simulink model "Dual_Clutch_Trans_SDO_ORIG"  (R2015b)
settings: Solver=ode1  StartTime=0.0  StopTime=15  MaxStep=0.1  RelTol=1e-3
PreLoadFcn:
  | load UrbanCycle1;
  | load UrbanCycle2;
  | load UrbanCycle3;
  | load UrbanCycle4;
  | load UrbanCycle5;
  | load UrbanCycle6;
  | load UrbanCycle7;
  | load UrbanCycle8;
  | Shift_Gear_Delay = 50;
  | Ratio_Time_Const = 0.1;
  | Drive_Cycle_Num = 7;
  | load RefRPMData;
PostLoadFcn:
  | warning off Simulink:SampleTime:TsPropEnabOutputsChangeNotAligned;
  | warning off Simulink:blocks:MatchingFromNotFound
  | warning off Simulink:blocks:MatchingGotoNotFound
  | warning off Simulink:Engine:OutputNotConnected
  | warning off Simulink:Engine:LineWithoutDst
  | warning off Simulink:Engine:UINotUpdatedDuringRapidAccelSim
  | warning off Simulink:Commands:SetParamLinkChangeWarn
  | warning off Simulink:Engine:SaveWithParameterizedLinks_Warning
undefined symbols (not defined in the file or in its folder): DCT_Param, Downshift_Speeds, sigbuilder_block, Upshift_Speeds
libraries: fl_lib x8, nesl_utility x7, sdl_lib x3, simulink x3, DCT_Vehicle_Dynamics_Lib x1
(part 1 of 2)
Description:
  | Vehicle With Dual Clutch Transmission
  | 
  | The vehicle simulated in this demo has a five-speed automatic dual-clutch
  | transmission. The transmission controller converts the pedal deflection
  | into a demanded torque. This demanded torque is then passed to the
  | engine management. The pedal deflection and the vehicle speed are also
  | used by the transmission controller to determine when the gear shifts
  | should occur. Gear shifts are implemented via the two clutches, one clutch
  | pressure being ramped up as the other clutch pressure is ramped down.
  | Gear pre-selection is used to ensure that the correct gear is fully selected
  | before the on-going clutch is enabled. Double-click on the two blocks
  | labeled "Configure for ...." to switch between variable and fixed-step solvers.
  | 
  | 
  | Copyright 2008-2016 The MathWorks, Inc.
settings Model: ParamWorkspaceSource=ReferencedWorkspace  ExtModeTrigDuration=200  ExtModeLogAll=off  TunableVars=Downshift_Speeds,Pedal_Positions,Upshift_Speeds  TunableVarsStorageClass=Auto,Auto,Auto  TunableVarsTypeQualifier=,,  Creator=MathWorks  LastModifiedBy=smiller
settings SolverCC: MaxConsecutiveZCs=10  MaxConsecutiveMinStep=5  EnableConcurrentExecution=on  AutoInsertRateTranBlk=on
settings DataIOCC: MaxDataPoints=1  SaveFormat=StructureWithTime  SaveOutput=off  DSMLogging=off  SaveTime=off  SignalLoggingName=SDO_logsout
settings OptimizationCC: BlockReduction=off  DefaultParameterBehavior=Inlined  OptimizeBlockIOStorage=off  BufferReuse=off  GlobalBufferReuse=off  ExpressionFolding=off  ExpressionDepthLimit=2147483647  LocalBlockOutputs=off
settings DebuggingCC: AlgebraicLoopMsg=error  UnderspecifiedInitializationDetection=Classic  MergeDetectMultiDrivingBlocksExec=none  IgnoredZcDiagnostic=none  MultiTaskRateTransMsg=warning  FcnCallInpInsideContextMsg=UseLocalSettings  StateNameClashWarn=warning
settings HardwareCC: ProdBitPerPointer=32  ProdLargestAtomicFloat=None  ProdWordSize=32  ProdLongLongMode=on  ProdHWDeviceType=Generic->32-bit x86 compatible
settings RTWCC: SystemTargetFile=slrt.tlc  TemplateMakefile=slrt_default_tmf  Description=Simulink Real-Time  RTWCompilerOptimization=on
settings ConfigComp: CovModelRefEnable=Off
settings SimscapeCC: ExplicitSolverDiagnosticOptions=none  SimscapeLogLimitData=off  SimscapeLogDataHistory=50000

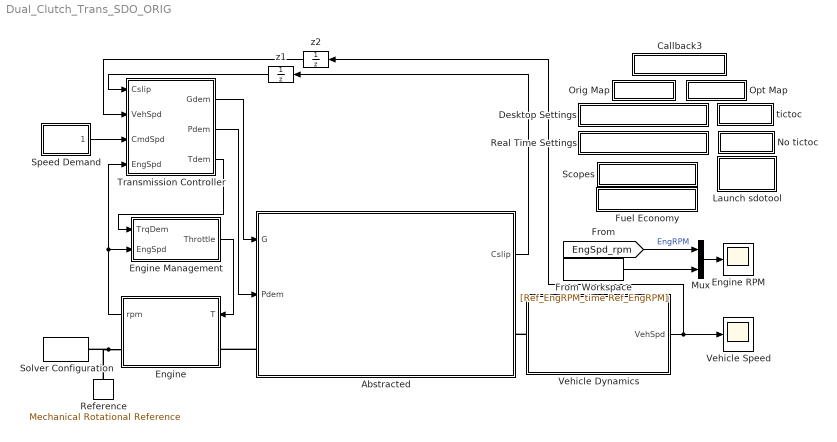
== system Dual_Clutch_Trans_SDO_ORIG ==
  Abstracted : Subsystem
      mask Display:
      | image(imread('DCT_Transmission_Abstracted_IMAGE2.jpg'));
      | port_label('input',1,'G')
      | port_label('input',2,'Pdem')
      | port_label('output',1,'Cslip')
      | color('red');
      | port_label('LConn',1,'B')
      | port_label('RConn',1,'F')
  Callback3 : Subsystem
      settings: OpenFcn=Plot_Gear_Shift_Schedule(Pedal_Positions,Upshift_Speeds, Downshift_Speeds);
      mask Display: disp('Shift Schedule')
  Desktop Settings : Subsystem
      settings: OpenFcn=|
      | set_param(gcs,'solver','ode23t')
      | set_param(sprintf([gcs '/Solver\nConfiguration']),'UseLocalSolver','off')
      | 
      | set_param(sprintf([gcs '/Solver\nConfiguration']),'DoFixedCost','off')
      mask Display: disp('Desktop Settings')
  Engine : Subsystem
      mask Display:
      | plot([200.294537656123;201.704177092068;202.879954177142;203.81054553527;204.486989062962;204.902770239264;205.053884864158;204.938877621199;204.558856093007;203.917480094638;203.02092642757;201.877829393721;200.499197642409;198.898308151034;197.090578360535;195.093417696999;192.926059909376;191.349221415216], [79.0962651705123;81.4129472419303;83.856642682368;86.4038173688741;89.0299406167901;91.7097214236537;94.4173520353776;97.1267564890293;99.8118417386092;102.446748945347;105.006102512455;107.465254465996;109.80052182835;111.989414698229;114.010852840726;115.845368701499;117.475294889959;118.468271604945])
      | plot([180.070315486255;177.215173525063;174.340173090774;171.473002009205;168.641272705228;165.872256280019;163.192619875453;160.628169854943;158.203603274058;155.942270034374;153.865948011161;151.994633320535;150.346347745932;148.936965178479;147.780058742747;146.886770080143;146.265702048809;145.922835873396;145.861473542603;146.08220600922;146.58290749893;147.358755982674;148.402279615432;149.703428694174;151.249672441989;153.026119686324;155.015662269112;157.199139807684;159.555524219735;162.062122235246;164.694793945081;167.42818528151;170.23597219174;173.091114152932;175.966114587221;178.83328566879;181.665014972767;184.434031397976;185.486929355725], [123.25590763568;123.598773811093;123.660136141886;123.439403675268;122.938702185559;122.162853701815;121.119330069056;119.818180990315;118.2719372425;116.495489998164;114.505947415377;112.322469876805;109.966085464754;107.459487449243;104.826815739408;102.093424402979;99.2856374927491;96.4304955315569;93.5554950972677;90.688324015699;87.8565947117214;85.0875782865128;82.4079418819464;79.8434918614364;77.4189252805513;75.1575920408679;73.081270017655;71.2099553270291;69.5616697524256;68.1522871849724;66.9953807492411;66.1020920866371;65.4810240553025;65.1381578798894;65.0767955490969;65.2975280157144;65.7982295054238;66.5740779891678;66.9481130562871])
      | plot([182.088349247351;182.056804583223;181.962474383197;181.806267098667;181.589687091173;181.314820144583;180.98431337785;180.601349751811;180.169617415534;179.693274187426;179.176907513169;178.625490286111;178.044332955585;177.439032384376;176.815417947876;176.17949539401;175.537389004603;174.895282615196;174.25936006133;173.63574562483;173.030445053621;172.449287723095;171.897870496037;171.38150382178;170.905160593672;170.473428257395;170.090464631356;169.759957864623;169.485090918033;169.268510910539;169.112303626009;169.017973425983;168.986428761855;169.017973425983;169.112303626009;169.268510910539;169.485090918033;169.759957864623;170.090464631356;170.473428257395;170.905160593672;171.38150382178;171.897870496037;172.449287723095;173.030445053621;173.63574562483;174.25936006133;174.895282615196;175.537389004603;176.17949539401;176.815417947876;177.439032384376;178.044332955585;178.625490286111;179.176907513169;179.693274187426;180.169617415534;180.601349751811;180.98431337785;181.314820144583;181.589687091173;181.806267098667;181.962474383197;182.056804583223;182.088349247351;182.088349247351], [94.3432759959251;93.7073437064164;93.0775357924916;92.4599176486499;91.8604372752408;91.2848679959696;90.7387528576339;90.2273512475527;89.7555882427917;89.3280071789786;88.9487258954975;88.6213970784445;88.3491730832641;88.1346755758426;87.9799702844327;87.8865471055612;87.8553057555109;87.8865471055612;87.9799702844327;88.1346755758426;88.3491730832641;88.6213970784445;88.9487258954975;89.3280071789786;89.7555882427917;90.2273512475527;90.7387528576339;91.2848679959696;91.8604372752408;92.4599176486499;93.0775357924916;93.7073437064164;94.3432759959251;94.9792082854337;95.6090161993586;96.2266343432003;96.8261147166093;97.4016839958805;97.9477991342162;98.4592007442974;98.9309637490584;99.3585448128716;99.7378260963527;100.065154913406;100.337378908586;100.551876416008;100.706581707417;100.800004886289;100.831246236339;100.800004886289;100.706581707417;100.551876416008;100.337378908586;100.065154913406;99.7378260963526;99.3585448128716;98.9309637490584;98.4592007442974;97.9477991342162;97.4016839958805;96.8261147166093;96.2266343432003;95.6090161993586;94.9792082854338;94.3432759959251;94.3432759959251])
      | plot([201.615249970928;201.583705306799;201.489375106774;201.333167822243;201.11658781475;200.84172086816;200.511214101427;200.128250475388;199.69651813911;199.220174911002;198.703808236745;198.152391009688;197.571233679162;196.965933107953;196.342318671452;195.706396117586;195.06428972818;194.422183338773;193.786260784907;193.162646348407;192.557345777197;191.976188446671;191.424771219614;190.908404545357;190.432061317249;190.000328980971;189.617365354932;189.286858588199;189.011991641609;188.795411634116;188.639204349585;188.54487414956;188.513329485431;188.54487414956;188.639204349585;188.795411634116;189.011991641609;189.286858588199;189.617365354932;190.000328980971;190.432061317249;190.908404545357;191.424771219614;191.976188446671;192.557345777197;193.162646348407;193.786260784907;194.422183338773;195.06428972818;195.706396117586;196.342318671452;196.965933107953;197.571233679162;198.152391009688;198.703808236745;199.220174911002;199.69651813911;200.128250475388;200.511214101427;200.84172086816;201.11658781475;201.333167822243;201.489375106774;201.583705306799;201.615249970928;201.615249970928], [74.7533852700144;74.1174529805057;73.487645066581;72.8700269227392;72.2705465493302;71.694977270059;71.1488621317233;70.6374605216421;70.165697516881;69.7381164530679;69.3588351695868;69.0315063525339;68.7592823573535;68.5447848499319;68.390079558522;68.2966563796505;68.2654150296003;68.2966563796505;68.390079558522;68.5447848499319;68.7592823573535;69.0315063525339;69.3588351695868;69.7381164530679;70.165697516881;70.6374605216421;71.1488621317233;71.694977270059;72.2705465493302;72.8700269227392;73.487645066581;74.1174529805057;74.7533852700144;75.3893175595231;76.0191254734479;76.6367436172896;77.2362239906986;77.8117932699698;78.3579084083055;78.8693100183867;79.3410730231478;79.7686540869609;80.147935370442;80.4752641874949;80.7474881826754;80.9619856900969;81.1166909815068;81.2101141603783;81.2413555104285;81.2101141603783;81.1166909815068;80.9619856900969;80.7474881826753;80.4752641874949;80.147935370442;79.7686540869609;79.3410730231478;78.8693100183867;78.3579084083055;77.8117932699698;77.2362239906986;76.6367436172896;76.0191254734479;75.3893175595231;74.7533852700145;74.7533852700144])
      | plot([201.615249970928;201.583705306799;201.489375106774;201.333167822243;201.11658781475;200.84172086816;200.511214101427;200.128250475388;199.69651813911;199.220174911002;198.703808236745;198.152391009688;197.571233679162;196.965933107953;196.342318671452;195.706396117586;195.06428972818;194.422183338773;193.786260784907;193.162646348407;192.557345777197;191.976188446671;191.424771219614;190.908404545357;190.432061317249;190.000328980971;189.617365354932;189.286858588199;189.011991641609;188.795411634116;188.639204349585;188.54487414956;188.513329485431;188.54487414956;188.639204349585;188.795411634116;189.011991641609;189.286858588199;189.617365354932;190.000328980971;190.432061317249;190.908404545357;191.424771219614;191.976188446671;192.557345777197;193.162646348407;193.786260784907;194.422183338773;195.06428972818;195.706396117586;196.342318671452;196.965933107953;197.571233679162;198.152391009688;198.703808236745;199.220174911002;199.69651813911;200.128250475388;200.511214101427;200.84172086816;201.11658781475;201.333167822243;201.489375106774;201.583705306799;201.615249970928;201.615249970928], [74.7533852700144;74.1174529805057;73.487645066581;72.8700269227392;72.2705465493302;71.694977270059;71.1488621317233;70.6374605216421;70.165697516881;69.7381164530679;69.3588351695868;69.0315063525339;68.7592823573535;68.5447848499319;68.390079558522;68.2966563796505;68.2654150296003;68.2966563796505;68.390079558522;68.5447848499319;68.7592823573535;69.0315063525339;69.3588351695868;69.7381164530679;70.165697516881;70.6374605216421;71.1488621317233;71.694977270059;72.2705465493302;72.8700269227392;73.487645066581;74.1174529805057;74.7533852700144;75.3893175595231;76.0191254734479;76.6367436172896;77.2362239906986;77.8117932699698;78.3579084083055;78.8693100183867;79.3410730231478;79.7686540869609;80.147935370442;80.4752641874949;80.7474881826754;80.9619856900969;81.1166909815068;81.2101141603783;81.2413555104285;81.2101141603783;81.1166909815068;80.9619856900969;80.7474881826753;80.4752641874949;80.147935370442;79.7686540869609;79.3410730231478;78.8693100183867;78.3579084083055;77.8117932699698;77.2362239906986;76.6367436172896;76.0191254734479;75.3893175595231;74.7533852700145;74.7533852700144])
      | plot([142.90856779553;142.90856779553;208.103220211342;208.103220211342], [139.948037685826;218.181620584801;218.181620584801;139.948037685826])
      | plot([142.90856779553;208.103220211342], [179.064829135314;179.064829135314])
      | plot([149.459528038278;149.459528038278], [179.064829135314;172.576858894899])
      | plot([201.615249970928;201.615249970928], [179.064829135314;172.576858894899])
      | plot([142.90856779553;208.103220211342;208.103220211342;142.90856779553;142.90856779553], [179.064829135314;179.064829135314;152.986968168989;152.986968168989;179.064829135314])
      | plot([142.90856779553;208.103220211342], [192.103759618476;192.103759618476])
      | plot([180.639579193667;200.229469919577], [99.0045361686498;79.4776354450732])
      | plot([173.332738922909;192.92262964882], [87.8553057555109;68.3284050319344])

_ _ _ _

— TASK REQUIREMENTS —
The answer is the run of lines above from the line containing "settings DataIOCC: MaxDataPoints=1" through the line containing "settings OptimizationCC: BlockReduction=off", copied exactly and alone.

— EXERCISE RESPONSE —
settings DataIOCC: MaxDataPoints=1  SaveFormat=StructureWithTime  SaveOutput=off  DSMLogging=off  SaveTime=off  SignalLoggingName=SDO_logsout
settings OptimizationCC: BlockReduction=off  DefaultParameterBehavior=Inlined  OptimizeBlockIOStorage=off  BufferReuse=off  GlobalBufferReuse=off  ExpressionFolding=off  ExpressionDepthLimit=2147483647  LocalBlockOutputs=off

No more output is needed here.